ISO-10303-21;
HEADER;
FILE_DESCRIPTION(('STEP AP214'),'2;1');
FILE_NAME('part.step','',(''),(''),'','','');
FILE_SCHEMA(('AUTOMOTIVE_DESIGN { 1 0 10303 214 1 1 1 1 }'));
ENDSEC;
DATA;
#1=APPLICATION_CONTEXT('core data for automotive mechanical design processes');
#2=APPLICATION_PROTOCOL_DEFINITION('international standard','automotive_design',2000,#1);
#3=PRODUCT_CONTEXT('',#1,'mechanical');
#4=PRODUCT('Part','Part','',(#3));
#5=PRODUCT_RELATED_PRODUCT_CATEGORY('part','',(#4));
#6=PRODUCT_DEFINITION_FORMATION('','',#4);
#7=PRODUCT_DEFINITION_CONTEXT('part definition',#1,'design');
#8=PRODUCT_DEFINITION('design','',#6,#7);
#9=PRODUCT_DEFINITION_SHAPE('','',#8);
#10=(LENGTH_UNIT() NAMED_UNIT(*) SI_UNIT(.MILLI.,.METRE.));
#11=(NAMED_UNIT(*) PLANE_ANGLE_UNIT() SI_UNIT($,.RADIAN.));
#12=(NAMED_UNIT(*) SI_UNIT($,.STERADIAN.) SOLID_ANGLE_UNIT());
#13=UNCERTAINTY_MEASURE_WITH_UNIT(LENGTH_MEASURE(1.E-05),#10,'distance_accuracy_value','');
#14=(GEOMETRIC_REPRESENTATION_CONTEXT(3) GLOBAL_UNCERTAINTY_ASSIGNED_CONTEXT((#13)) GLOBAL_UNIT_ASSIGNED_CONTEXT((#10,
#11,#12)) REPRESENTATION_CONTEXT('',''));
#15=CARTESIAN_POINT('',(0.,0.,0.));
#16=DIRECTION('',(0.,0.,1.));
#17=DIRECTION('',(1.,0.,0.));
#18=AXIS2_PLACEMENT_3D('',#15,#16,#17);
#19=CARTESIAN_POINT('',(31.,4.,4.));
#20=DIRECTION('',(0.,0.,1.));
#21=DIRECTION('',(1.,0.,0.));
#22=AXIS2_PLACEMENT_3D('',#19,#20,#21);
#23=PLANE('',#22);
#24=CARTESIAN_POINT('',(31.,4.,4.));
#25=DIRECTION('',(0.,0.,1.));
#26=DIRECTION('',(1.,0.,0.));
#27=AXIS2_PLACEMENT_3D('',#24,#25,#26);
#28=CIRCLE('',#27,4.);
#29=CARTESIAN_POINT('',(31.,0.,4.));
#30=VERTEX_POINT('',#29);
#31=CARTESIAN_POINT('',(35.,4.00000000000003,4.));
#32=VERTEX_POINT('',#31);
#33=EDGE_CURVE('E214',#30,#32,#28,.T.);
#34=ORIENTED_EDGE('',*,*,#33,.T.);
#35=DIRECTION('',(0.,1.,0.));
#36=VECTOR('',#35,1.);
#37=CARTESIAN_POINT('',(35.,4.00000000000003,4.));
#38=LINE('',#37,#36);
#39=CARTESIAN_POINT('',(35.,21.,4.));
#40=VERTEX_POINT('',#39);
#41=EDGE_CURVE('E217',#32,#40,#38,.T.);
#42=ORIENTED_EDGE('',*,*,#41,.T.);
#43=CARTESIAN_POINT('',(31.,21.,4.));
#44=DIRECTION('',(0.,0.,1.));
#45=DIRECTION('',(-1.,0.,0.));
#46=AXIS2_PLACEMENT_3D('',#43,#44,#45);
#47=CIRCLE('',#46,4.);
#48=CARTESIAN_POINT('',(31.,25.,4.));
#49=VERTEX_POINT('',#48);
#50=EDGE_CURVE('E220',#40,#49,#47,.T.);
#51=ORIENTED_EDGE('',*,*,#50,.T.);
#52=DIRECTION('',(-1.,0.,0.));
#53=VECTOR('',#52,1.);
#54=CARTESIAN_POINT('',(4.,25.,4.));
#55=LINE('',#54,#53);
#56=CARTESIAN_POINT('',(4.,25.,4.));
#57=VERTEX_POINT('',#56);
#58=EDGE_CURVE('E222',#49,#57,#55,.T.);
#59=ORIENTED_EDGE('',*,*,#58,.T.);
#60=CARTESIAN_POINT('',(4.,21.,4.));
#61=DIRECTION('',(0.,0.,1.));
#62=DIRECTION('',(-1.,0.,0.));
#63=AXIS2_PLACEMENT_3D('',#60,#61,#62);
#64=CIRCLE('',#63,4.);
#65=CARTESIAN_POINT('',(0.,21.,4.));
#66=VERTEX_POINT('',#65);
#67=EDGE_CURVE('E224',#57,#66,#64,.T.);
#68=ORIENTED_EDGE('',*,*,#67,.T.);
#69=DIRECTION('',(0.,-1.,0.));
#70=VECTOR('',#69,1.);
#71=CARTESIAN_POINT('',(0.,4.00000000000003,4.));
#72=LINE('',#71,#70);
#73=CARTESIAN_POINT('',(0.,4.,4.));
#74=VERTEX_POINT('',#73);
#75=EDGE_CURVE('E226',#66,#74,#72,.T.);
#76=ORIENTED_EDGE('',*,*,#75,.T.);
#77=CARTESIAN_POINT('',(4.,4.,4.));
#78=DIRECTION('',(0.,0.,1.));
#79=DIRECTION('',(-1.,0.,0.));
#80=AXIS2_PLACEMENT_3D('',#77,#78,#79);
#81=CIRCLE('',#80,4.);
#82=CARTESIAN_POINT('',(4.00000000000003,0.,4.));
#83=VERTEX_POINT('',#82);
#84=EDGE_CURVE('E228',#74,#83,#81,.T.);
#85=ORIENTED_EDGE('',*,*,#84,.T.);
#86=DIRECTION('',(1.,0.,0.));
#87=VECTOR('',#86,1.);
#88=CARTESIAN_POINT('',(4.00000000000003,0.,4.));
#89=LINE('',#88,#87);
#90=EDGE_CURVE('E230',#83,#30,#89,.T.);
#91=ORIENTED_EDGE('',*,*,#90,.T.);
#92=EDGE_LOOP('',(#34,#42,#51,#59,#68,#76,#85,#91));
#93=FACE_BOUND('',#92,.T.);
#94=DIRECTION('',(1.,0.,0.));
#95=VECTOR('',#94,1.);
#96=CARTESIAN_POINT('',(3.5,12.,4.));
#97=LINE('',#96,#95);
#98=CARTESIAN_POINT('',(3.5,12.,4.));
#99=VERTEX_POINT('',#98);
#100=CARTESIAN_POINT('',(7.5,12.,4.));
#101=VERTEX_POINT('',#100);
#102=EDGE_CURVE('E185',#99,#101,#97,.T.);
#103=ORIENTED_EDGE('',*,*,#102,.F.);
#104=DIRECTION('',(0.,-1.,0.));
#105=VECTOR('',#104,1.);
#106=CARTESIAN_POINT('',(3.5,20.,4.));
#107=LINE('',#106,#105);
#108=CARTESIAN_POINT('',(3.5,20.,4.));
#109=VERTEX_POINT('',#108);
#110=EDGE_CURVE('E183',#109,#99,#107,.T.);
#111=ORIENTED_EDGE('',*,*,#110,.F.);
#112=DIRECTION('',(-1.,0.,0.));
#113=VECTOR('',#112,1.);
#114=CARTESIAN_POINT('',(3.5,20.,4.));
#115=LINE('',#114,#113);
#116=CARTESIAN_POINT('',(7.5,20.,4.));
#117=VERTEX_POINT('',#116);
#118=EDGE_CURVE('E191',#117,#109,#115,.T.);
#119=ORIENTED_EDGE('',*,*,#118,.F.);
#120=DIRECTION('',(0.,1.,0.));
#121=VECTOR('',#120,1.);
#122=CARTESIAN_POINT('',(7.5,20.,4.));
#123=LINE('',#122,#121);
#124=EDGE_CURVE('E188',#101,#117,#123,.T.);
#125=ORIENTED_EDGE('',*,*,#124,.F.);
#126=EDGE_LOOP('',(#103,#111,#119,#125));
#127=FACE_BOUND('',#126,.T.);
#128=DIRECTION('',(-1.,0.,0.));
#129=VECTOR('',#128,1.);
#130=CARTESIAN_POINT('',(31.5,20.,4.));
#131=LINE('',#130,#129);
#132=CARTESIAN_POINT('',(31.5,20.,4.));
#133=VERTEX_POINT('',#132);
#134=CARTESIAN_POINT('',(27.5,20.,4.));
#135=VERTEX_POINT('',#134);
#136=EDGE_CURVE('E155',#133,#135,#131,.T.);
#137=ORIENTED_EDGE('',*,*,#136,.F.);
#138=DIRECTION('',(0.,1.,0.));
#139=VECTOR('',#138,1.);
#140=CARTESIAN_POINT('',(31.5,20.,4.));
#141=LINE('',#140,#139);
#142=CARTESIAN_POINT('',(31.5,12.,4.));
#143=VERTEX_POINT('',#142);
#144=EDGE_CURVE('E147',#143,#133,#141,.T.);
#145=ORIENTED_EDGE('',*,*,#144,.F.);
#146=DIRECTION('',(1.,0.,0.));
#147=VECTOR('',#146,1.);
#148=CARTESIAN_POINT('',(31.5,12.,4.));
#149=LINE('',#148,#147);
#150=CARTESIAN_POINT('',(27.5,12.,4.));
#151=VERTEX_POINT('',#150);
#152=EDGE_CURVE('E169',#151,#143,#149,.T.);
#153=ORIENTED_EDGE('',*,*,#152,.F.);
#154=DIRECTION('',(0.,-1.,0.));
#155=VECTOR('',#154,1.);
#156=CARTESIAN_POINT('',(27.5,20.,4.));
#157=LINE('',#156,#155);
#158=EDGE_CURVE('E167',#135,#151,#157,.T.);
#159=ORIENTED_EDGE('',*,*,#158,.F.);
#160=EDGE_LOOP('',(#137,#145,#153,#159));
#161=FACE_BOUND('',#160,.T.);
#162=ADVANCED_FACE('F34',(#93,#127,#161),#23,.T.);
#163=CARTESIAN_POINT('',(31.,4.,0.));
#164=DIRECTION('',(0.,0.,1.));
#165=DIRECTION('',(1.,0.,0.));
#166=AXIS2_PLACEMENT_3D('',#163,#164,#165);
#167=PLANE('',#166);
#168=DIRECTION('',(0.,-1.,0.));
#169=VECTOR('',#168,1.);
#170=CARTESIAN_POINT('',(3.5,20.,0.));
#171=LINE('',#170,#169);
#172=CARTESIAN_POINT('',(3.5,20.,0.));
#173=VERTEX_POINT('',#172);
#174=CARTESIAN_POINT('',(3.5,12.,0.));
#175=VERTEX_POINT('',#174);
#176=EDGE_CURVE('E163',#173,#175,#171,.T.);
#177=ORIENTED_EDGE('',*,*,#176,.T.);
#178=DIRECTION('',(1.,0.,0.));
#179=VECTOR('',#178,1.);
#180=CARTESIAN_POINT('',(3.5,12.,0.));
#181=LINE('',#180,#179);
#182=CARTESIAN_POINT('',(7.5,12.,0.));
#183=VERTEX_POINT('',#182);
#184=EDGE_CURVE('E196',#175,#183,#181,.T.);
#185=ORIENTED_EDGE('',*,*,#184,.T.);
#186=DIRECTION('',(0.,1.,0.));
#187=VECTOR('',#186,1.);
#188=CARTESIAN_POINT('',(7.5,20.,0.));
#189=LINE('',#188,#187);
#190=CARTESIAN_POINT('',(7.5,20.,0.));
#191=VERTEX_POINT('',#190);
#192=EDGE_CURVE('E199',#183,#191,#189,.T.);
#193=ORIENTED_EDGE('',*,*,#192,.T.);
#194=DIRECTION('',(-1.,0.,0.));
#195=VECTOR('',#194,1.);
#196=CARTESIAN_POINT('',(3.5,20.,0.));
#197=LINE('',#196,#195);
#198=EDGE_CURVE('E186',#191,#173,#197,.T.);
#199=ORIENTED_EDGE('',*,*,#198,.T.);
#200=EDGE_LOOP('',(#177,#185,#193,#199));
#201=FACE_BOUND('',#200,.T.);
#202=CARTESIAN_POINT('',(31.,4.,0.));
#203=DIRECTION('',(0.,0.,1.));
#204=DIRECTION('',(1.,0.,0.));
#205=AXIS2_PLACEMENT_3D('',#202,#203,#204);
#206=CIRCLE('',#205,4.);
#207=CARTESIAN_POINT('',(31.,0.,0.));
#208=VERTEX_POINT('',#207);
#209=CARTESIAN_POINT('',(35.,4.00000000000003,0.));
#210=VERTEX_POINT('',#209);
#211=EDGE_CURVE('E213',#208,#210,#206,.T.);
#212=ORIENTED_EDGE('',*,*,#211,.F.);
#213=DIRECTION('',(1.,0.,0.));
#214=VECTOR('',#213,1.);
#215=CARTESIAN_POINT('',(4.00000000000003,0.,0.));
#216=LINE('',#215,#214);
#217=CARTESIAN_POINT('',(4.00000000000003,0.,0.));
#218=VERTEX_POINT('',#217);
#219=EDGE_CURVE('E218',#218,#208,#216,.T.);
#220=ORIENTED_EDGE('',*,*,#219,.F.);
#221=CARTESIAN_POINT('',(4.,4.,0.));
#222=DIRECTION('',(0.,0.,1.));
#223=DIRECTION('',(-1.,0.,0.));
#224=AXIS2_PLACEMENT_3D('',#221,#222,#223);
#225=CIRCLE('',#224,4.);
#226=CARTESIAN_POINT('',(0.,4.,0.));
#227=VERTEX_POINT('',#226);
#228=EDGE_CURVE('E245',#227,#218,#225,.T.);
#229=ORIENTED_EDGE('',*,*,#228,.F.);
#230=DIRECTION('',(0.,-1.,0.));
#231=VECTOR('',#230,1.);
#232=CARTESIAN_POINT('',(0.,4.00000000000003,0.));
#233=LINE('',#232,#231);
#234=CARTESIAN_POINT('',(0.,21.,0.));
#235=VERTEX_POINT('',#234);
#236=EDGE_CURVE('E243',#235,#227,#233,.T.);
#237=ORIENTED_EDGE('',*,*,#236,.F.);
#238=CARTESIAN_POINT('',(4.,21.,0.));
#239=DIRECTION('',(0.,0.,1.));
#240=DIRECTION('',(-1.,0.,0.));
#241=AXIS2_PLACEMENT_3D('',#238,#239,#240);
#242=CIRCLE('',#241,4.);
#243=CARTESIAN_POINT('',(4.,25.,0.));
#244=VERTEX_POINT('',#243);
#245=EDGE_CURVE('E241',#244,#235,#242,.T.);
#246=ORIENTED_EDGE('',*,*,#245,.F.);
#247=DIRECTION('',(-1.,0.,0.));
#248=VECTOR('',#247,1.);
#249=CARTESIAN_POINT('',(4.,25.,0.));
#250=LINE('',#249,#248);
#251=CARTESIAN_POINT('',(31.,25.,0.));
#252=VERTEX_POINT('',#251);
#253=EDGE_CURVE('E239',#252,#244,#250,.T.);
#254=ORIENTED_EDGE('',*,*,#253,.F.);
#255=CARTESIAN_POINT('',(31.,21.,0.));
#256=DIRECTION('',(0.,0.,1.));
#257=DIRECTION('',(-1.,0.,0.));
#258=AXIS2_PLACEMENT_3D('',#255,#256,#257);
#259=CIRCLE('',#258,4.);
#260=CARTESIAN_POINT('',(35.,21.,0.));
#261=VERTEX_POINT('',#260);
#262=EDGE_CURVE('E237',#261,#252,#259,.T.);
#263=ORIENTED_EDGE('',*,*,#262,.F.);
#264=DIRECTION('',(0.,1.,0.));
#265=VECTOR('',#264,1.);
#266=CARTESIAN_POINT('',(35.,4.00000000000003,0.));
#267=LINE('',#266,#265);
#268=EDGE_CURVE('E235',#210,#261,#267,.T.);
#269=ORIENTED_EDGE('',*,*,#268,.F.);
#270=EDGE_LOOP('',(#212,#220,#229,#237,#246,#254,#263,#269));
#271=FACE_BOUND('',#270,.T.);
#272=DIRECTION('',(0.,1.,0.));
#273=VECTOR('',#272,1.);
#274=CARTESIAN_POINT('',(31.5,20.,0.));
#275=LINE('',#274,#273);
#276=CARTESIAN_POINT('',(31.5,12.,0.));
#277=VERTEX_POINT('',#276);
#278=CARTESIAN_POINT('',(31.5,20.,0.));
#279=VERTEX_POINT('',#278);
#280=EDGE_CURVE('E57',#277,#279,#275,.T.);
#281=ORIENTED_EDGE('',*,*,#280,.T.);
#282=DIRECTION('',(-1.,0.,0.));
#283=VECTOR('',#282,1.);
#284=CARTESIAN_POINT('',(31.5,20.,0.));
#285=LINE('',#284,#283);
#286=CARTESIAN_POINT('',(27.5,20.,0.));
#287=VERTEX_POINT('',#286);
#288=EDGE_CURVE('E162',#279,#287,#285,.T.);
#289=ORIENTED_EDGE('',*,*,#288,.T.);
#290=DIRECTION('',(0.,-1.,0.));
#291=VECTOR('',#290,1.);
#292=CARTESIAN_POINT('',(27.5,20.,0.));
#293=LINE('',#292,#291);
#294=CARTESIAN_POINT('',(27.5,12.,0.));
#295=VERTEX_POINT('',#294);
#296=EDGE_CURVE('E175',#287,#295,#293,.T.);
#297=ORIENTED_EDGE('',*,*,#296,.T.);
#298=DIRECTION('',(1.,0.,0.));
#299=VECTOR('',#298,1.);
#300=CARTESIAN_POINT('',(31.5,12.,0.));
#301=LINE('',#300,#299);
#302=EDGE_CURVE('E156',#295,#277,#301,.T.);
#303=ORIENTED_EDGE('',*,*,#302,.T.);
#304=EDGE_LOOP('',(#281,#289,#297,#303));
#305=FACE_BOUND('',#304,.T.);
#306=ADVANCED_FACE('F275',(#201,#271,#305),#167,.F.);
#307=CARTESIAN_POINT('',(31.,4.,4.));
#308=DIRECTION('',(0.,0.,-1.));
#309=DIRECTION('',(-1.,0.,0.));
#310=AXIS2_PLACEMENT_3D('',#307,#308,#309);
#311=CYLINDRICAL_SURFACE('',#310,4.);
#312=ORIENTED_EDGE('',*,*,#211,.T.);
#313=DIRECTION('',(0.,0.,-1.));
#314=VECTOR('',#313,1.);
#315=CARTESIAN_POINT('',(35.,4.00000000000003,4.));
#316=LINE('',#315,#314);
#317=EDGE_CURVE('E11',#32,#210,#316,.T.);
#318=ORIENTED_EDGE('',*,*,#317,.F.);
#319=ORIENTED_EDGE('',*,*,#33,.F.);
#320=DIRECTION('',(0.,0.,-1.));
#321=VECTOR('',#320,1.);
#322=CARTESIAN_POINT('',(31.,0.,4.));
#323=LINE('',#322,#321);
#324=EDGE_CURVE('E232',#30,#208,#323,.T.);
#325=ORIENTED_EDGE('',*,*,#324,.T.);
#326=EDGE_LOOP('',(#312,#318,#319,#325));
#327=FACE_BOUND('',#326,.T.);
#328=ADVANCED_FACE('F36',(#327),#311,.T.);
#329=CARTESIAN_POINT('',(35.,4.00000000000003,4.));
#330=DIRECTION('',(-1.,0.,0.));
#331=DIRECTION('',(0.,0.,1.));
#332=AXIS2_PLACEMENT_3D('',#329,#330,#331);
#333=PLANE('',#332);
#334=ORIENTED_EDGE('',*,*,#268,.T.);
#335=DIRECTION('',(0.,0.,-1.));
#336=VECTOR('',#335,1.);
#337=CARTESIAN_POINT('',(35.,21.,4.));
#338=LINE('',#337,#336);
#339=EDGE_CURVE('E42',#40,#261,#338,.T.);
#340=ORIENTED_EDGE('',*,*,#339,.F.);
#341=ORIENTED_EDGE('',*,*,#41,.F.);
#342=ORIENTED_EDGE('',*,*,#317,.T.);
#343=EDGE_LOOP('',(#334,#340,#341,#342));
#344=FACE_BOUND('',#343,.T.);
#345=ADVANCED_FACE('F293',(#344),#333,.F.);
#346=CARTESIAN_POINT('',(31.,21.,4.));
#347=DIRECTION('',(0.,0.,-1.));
──────
• Activity
Each line from the top of the data, up to and including the line that contains "#12=(NAMED_UNIT(*) SI_UNIT($,.STERADIAN.) SOLID_ANGLE_UNIT());", should be set down exactly.

• Result for this exercise
ISO-10303-21;
HEADER;
FILE_DESCRIPTION(('STEP AP214'),'2;1');
FILE_NAME('part.step','',(''),(''),'','','');
FILE_SCHEMA(('AUTOMOTIVE_DESIGN { 1 0 10303 214 1 1 1 1 }'));
ENDSEC;
DATA;
#1=APPLICATION_CONTEXT('core data for automotive mechanical design processes');
#2=APPLICATION_PROTOCOL_DEFINITION('international standard','automotive_design',2000,#1);
#3=PRODUCT_CONTEXT('',#1,'mechanical');
#4=PRODUCT('Part','Part','',(#3));
#5=PRODUCT_RELATED_PRODUCT_CATEGORY('part','',(#4));
#6=PRODUCT_DEFINITION_FORMATION('','',#4);
#7=PRODUCT_DEFINITION_CONTEXT('part definition',#1,'design');
#8=PRODUCT_DEFINITION('design','',#6,#7);
#9=PRODUCT_DEFINITION_SHAPE('','',#8);
#10=(LENGTH_UNIT() NAMED_UNIT(*) SI_UNIT(.MILLI.,.METRE.));
#11=(NAMED_UNIT(*) PLANE_ANGLE_UNIT() SI_UNIT($,.RADIAN.));
#12=(NAMED_UNIT(*) SI_UNIT($,.STERADIAN.) SOLID_ANGLE_UNIT());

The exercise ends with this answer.